Another week has come and gone. It is a drab, dreary and wet day here but looking at airplane pics makes it a little bit better.

Have a great week everyone.

Not too many WWII aircraft this week but I am hoping you do not mind a bit of a mix.
































































Cheers,


Jeff


----------



## Gnomey (Oct 14, 2012)

Nice shots Jeff!


----------



## Airframes (Oct 15, 2012)

Great stuff. It would be great if John (Romain) could load up the '109, when repaired, and 'visit' that neighbour - at low level, with gun button to fire!


----------



## Wayne Little (Oct 19, 2012)

great pics as always!


----------



## Jeff Hunt (Oct 27, 2012)

Good morning folks. Sorry for missing last week. I am extremely busy with a number of personal matters (nothing bad) and my postings will be slightly sporadic but they will continue when time permits.
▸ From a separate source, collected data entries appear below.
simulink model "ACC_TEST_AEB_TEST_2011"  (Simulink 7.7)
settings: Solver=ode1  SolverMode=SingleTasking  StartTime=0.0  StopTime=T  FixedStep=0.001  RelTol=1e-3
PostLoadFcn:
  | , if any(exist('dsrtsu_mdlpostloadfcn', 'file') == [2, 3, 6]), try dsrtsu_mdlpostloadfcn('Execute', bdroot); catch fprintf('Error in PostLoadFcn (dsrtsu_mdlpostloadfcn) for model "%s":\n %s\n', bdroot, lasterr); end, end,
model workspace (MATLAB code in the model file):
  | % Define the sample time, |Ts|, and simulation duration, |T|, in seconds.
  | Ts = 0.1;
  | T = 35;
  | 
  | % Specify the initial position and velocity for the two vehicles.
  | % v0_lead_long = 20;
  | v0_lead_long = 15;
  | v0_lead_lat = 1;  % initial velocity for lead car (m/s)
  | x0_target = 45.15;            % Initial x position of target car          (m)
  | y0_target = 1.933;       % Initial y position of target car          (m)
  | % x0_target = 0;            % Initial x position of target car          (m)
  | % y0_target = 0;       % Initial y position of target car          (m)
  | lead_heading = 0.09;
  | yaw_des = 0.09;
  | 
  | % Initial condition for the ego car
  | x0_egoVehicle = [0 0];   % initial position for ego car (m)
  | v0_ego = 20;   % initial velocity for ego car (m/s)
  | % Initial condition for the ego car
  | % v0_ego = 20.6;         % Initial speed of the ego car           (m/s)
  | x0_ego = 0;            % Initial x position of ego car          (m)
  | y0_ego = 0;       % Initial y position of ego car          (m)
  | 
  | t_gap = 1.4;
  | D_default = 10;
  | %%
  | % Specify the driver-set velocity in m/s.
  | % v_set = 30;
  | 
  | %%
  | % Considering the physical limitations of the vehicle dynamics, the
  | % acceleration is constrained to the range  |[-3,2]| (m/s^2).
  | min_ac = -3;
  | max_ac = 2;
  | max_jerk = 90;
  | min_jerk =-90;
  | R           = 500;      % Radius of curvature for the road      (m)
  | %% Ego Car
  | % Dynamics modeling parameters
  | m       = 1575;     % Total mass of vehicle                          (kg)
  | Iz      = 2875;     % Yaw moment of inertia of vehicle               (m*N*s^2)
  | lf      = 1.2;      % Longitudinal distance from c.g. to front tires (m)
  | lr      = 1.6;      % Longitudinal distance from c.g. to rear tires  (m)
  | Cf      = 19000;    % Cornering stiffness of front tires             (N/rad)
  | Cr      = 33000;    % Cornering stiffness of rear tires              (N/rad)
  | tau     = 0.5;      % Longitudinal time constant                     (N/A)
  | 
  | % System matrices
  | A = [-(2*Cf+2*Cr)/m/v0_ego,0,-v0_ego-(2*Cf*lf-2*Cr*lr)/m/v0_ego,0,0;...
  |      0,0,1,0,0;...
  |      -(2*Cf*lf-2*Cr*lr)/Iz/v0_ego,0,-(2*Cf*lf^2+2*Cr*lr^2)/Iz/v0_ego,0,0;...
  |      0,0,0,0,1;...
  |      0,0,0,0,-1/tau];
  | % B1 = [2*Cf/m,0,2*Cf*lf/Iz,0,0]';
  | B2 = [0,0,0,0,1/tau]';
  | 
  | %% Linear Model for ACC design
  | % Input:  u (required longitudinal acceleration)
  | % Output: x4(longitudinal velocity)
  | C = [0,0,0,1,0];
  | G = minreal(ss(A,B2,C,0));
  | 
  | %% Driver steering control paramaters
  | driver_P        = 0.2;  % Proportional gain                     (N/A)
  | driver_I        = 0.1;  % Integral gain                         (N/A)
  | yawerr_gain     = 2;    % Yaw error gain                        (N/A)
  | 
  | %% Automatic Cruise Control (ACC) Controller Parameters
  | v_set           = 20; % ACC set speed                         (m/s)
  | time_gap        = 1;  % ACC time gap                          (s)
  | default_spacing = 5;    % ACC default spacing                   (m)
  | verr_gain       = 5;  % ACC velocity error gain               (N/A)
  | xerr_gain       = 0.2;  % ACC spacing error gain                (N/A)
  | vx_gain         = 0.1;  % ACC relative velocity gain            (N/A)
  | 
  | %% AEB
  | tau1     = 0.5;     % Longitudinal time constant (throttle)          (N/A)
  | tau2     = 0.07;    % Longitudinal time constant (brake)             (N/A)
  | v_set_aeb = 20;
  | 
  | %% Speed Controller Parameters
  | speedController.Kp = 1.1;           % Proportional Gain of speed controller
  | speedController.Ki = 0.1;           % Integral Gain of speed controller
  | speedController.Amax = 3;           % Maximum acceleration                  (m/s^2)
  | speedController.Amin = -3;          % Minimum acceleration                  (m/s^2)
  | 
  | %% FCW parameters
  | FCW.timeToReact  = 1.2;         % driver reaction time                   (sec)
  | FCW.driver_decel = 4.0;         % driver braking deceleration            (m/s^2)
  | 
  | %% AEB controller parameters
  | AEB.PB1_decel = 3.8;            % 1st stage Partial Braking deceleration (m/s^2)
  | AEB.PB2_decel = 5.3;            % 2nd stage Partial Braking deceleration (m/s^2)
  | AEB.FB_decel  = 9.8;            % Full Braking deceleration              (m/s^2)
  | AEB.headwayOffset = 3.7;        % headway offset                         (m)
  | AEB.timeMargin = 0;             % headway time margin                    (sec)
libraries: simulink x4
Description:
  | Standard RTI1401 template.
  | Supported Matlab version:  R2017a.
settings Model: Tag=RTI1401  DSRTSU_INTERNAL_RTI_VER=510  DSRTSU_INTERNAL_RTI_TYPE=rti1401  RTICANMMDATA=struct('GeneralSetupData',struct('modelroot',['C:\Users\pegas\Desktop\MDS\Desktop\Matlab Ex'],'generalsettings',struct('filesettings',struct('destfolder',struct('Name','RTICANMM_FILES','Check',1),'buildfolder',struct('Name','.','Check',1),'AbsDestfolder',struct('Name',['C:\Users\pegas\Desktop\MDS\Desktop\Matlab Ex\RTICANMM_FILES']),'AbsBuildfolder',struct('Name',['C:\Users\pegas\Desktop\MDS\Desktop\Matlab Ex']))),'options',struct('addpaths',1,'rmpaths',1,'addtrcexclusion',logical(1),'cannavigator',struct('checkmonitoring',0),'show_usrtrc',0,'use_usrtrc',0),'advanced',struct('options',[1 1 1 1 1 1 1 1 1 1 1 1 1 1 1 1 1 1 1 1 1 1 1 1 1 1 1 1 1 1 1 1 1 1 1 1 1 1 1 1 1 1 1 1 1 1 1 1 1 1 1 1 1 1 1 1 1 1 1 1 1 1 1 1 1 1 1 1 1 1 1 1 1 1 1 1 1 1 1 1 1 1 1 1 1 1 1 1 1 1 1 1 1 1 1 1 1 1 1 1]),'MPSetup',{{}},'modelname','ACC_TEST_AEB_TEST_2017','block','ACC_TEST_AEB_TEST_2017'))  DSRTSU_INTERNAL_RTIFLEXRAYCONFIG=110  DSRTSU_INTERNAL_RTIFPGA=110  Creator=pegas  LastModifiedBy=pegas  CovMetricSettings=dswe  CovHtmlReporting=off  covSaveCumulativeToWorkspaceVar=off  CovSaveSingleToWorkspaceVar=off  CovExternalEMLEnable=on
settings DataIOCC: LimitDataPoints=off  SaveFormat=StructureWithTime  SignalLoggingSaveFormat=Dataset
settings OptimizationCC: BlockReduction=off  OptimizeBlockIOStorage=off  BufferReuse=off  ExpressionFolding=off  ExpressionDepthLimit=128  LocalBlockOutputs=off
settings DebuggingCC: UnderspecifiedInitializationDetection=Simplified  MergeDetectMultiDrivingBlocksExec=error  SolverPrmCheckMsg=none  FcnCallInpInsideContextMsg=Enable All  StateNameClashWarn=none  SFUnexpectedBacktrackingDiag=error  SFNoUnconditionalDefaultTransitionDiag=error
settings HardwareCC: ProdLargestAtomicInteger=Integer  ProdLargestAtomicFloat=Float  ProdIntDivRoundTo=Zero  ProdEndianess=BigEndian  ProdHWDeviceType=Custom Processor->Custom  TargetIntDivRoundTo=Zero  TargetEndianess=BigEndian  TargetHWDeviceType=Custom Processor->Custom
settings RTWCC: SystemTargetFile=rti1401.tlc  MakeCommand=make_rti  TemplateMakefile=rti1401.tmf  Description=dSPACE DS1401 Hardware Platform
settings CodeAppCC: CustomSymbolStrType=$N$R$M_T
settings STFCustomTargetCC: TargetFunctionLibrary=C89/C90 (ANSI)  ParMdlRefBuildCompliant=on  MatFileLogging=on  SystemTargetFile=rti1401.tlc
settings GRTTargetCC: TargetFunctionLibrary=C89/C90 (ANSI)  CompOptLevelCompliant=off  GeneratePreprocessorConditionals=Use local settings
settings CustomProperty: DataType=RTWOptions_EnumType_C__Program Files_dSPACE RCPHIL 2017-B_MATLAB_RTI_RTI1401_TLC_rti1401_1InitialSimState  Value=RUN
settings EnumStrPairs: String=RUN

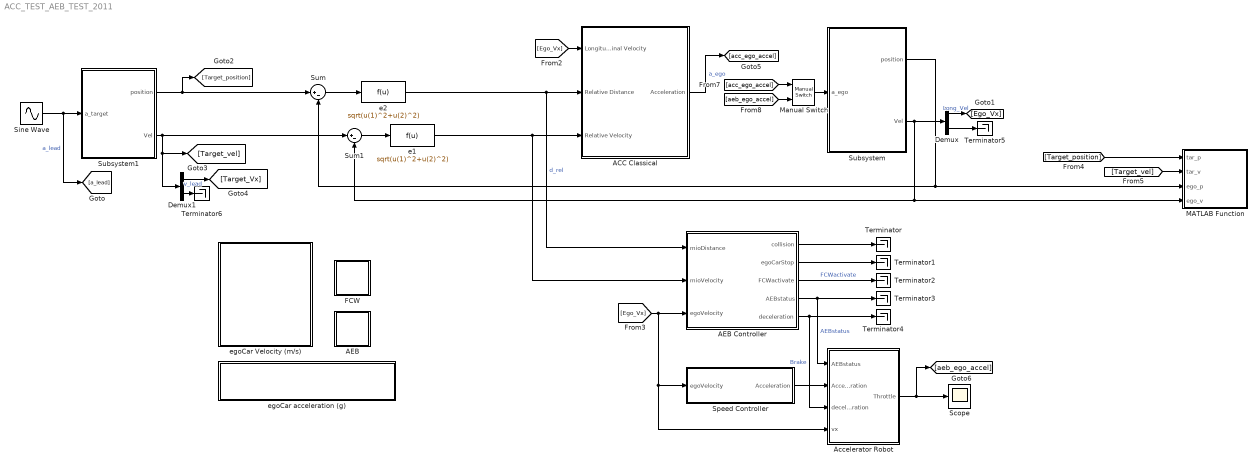
== system ACC_TEST_AEB_TEST_2011 ==
  ACC Classical : Subsystem  TreatAsAtomicUnit=on  VariantObject=controller_type == 1
      settings: RTWFileNameOpts=Use function name
  AEB : Subsystem  Description=Replaced Block
      mask Type: Replaced Block
      mask Description: This block has been replaced with an empty subsystem because it used functionality that is unavailable in Simulink R2011a.
      mask Display: fprintf('Replaced: %s\n','Dashboard Widget')
  AEB Controller : Subsystem
  Accelerator Robot : Subsystem
  Demux : Demux  Outputs=2
  Demux1 : Demux  Outputs=2
  FCW : Subsystem  Description=Replaced Block
      mask Type: Replaced Block
      mask Description: This block has been replaced with an empty subsystem because it used functionality that is unavailable in Simulink R2011a.
      mask Display: fprintf('Replaced: %s\n','Dashboard Widget')
  MATLAB Function : Stateflow chart  TreatAsAtomicUnit=on
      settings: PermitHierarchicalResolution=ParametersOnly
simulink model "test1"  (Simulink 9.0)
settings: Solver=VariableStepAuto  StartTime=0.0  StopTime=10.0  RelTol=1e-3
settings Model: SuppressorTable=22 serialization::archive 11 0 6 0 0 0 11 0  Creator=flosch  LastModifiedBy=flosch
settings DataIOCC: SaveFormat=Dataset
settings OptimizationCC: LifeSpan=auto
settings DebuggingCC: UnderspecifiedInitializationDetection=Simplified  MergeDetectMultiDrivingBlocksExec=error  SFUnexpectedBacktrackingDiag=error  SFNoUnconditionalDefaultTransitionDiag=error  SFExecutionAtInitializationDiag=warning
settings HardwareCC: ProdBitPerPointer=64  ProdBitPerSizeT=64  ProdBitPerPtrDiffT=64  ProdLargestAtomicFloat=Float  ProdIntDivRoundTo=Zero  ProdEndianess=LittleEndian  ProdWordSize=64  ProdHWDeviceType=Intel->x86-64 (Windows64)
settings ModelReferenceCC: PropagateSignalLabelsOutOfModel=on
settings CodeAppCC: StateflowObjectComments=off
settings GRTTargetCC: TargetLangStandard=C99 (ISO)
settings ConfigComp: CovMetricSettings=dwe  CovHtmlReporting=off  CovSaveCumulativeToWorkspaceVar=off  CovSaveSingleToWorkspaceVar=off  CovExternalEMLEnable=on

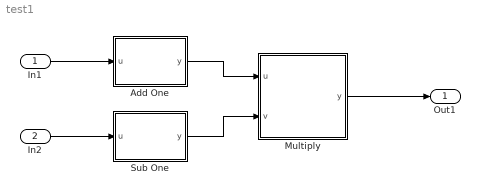
== system test1 ==
  In1 : Inport
  In2 : Inport  Port=2
  Add One : MATLAB Function  TreatAsAtomicUnit=on
  Multiply : MATLAB Function  TreatAsAtomicUnit=on
  Sub One : MATLAB Function  TreatAsAtomicUnit=on
  Out1 : Outport
  wires:
  Add One/1(y) -> Multiply/1(u)
  Sub One/1(y) -> Multiply/2(v)
  In1/1 -> Add One/1(u)
  In2/1 -> Sub One/1(u)
  Multiply/1(y) -> Out1/1

== matlab function Sub One ==
  data: u input double; y output double
function y = sub_one(u)

y = u - 1;

== matlab function Add One ==
  data: u input double; y output double
function y = add_one(u)

y = u + 1;

== matlab function Multiply ==
  data: u input double; y output double; v input double
function y = my_multiply(u, v)

y = u * v;
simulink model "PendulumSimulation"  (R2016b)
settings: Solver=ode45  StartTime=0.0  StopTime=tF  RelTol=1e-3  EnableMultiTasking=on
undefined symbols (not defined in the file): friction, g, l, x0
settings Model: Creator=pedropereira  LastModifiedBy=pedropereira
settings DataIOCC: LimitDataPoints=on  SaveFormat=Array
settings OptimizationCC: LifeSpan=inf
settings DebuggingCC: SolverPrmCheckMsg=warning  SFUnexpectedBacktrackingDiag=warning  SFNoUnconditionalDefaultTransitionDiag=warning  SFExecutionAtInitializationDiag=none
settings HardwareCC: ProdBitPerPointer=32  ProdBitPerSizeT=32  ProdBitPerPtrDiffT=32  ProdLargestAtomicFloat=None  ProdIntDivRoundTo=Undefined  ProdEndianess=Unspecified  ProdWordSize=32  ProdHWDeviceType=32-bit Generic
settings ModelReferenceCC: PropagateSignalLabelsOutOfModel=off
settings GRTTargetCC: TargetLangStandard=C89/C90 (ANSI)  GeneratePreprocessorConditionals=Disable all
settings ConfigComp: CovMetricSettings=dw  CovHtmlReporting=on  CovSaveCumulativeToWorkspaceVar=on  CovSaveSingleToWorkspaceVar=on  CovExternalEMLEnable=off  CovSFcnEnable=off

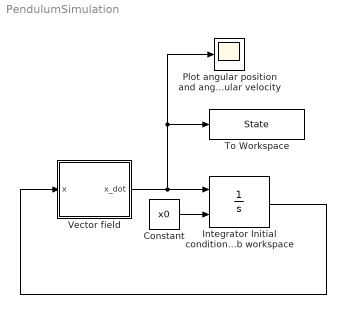
== system PendulumSimulation ==
  Constant : Constant  Value=x0
  Integrator Initial condition comes from matlab workspace : Integrator  InitialConditionSource=external
  Plot angular position and angular velocity : Scope
  To Workspace : ToWorkspace  VariableName=State  SaveFormat=Timeseries  SampleTime=-1
  Vector field : MATLAB Function  TreatAsAtomicUnit=on
  wires:
  Integrator Initial condition comes from matlab workspace/1 -> Vector field/1(x)
  Constant/1 -> Integrator Initial condition comes from matlab workspace/2
  Vector field/1(x_dot) -> To Workspace/1, Plot angular position and angular velocity/1, Integrator Initial condition comes from matlab workspace/1

== matlab function PendulumSimulation/Vector field ==
  data: x input; g parameter; l parameter; x_dot output; friction parameter
function x_dot = vector_field(x,g,l,friction)
% in EDITOR TAB->Edit Data, alter SCOPE from Input to Parameter
% this way g,l and k come from matlab workspace
% only real input is state x

% Repeat vector field here
x_dot = [x(2); -g/l*sin(x(1)) - friction*l*x(2)];

On with the show.




















































Cheers,

Jeff


----------



## Gnomey (Oct 27, 2012)

Great shots!


----------



## Wildcat (Oct 27, 2012)

Great shots Jeff!


----------



## Wayne Little (Oct 28, 2012)

Worth the wait, good stuff Jeff!


----------



## futuredogfight (Oct 29, 2012)

Who puts Pi as a fusalauge code?


----------



## Jeff Hunt (Nov 4, 2012)

Happy November to one and all. The weather here in Southern Ontario is getting more seasonal and we even had a little snow falling last night. This week's photos include 8 from the NMUSAF in Dayton Ohio. A great museum but a bi%(@ to take photos at.....way too dark with the interior walls painted black.

Enjoy!






















































Cheers,

Jeff


----------



## Gnomey (Nov 4, 2012)

Good shots Jeff!


----------



## Wayne Little (Nov 5, 2012)

Keep 'em coming, real nice man...


----------



## Geedee (Nov 5, 2012)

Wayne Little said:


> Keep 'em coming, real nice man...



What he said.... Lets see some more !


----------



## Jeff Hunt (Nov 6, 2012)

For the next few series of pics I will be taking you on a tour of the Canadian Aviation and Space Museum which is located in Rockliffe Ontario, just outside of Ottawa. This is a world class museum housing many significant Canadian as well as international aircraft. As with many other museums, display space is at a premium and many aircraft are not open to viewing instead being held in non access areas. An annex is located in a second building and can only be accessed on a guided tour at a small additional fee. National museums in Canada generally have an admission fee and last time I was there I believe it was in the area of $14.00 Canadian. Well worth it. Lighting can be a bit of a challenge so I apologize ahead of time for some of the pictures but I include them to give you some idea of what you can see should you ever venture into the Capital region of Canada. Many of the aircraft are non military but I will also include them unless there is a hue and cry for me not to.




















































Cheers,

Jeff


----------



## Jeff Hunt (Nov 10, 2012)

A few more from Rockliffe.






























































Cheers,

Jeff


----------



## Crimea_River (Nov 10, 2012)

Thanks for the pics Jeff. Too bad a museum of this stature would mess up camo colours.


----------



## Jeff Hunt (Nov 10, 2012)

Don't be too hard on the colours as shown in the pics. The poor lighting in the museum may partially cause a misrepresentation.

Cheers,

Jeff


----------



## Crimea_River (Nov 10, 2012)

Definitely not the lighting. The Spit IX would have had the dark gray instead of the earth brown.


----------



## Gnomey (Nov 10, 2012)

Great shots Jeff!


----------



## Wayne Little (Nov 11, 2012)

Yep, nice!


----------



## Jeff Hunt (Nov 11, 2012)

Crimea_River said:


> Definitely not the lighting. The Spit IX would have had the dark gray instead of the earth brown.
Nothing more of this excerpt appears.